According to the Associated Press, attorneys for the energy companies are petitioning to have the case moved from state courts to federal courts that have in the past dismissed similar complaints.

“The use of state law to address global climate change represents a serious threat to one of our nation’s most critical sectors,” the attorneys claimed.

The Supreme Court’s decision to hear the case comes months after the Colorado Supreme Court ruled that Boulder’s lawsuit could initiate the discovery process and move toward a trial.

In an interview with the Colorado Sun, Boulder County Commissioner Ashley Stolzmann said that the city wasn’t backing down from its efforts make the fossil fuel industry pay for the damage it’s done.

“The oil companies have tried every avenue to delay our climate accountability case or move it to an out-of-state court system,” said Stolzmann. “As everyone continues to face rising costs that put budgets under pressure, we must hold oil companies accountable for the significant harm they’ve caused our communities.”

Richard Wiles, president of the Center for Climate Integrity, said that the merits of the Boulder lawsuit are clear, regardless of the Supreme Court’s intervention.
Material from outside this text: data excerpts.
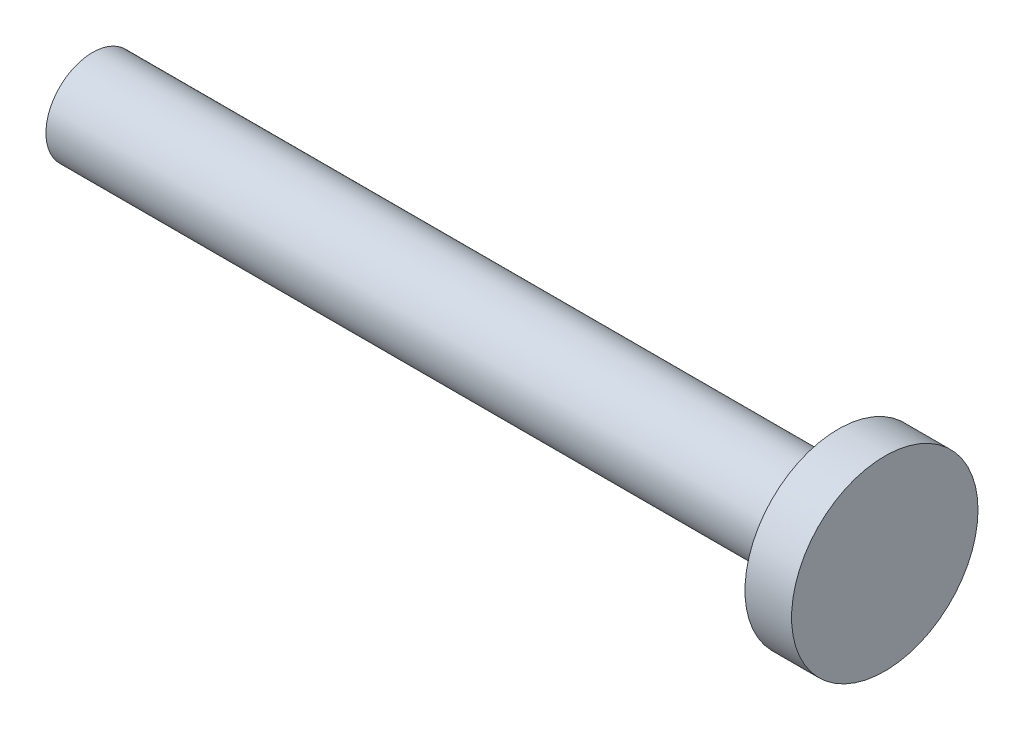
SolidWorks part; units mm, degrees
ref_plane "Front Plane" through (0, 0, 0) normal (0, 0, 1) x (1, 0, 0)
ref_plane "Top Plane" through (0, 0, 0) normal (0, 1, 0) x (1, 0, 0)
ref_plane "Right Plane" through (0, 0, 0) normal (1, 0, 0) x (0, 0, -1)
sketch "Sketch1" plane through (0, 0, 0) normal (1, 0, 0) x (0, 0, -1)
  circle A0 centre (0, 0) radius 6.35
  dimension "D1" = 12.7
extrude "Boss-Extrude1" add sketch "Sketch1" against normal blind 101.6 contours A0
sketch "Sketch2" plane through (0, 0, 0) normal (1, 0, 0) x (0, 0, -1)
  circle A0 centre (0, 0) radius 12.7
  dimension "D1" = 25.4
extrude "Boss-Extrude2" add sketch "Sketch2" along normal blind 6.35

“Big Oil’s climate lies are the most consequential and harmful corporate deception campaign in history,” Wiles said, “and the communities paying the price for that deception deserve to put these companies on trial. Exxon’s desperation to escape accountability does not change the evidence of their wrongdoing or the law that lower courts agree is on Boulder’s side.”

Alyssa Johl, vice president of legal and general counsel at the Center for Climate Integrity, said the Supreme Court should simply affirm lower court rulings stating that “communities like Boulder have the right to seek accountability in their state courts when corporations have knowingly caused local harms.”

Original article by Brad Reed republished from Common Dreams under Creative Commons (CC BY-NC-ND 3.0).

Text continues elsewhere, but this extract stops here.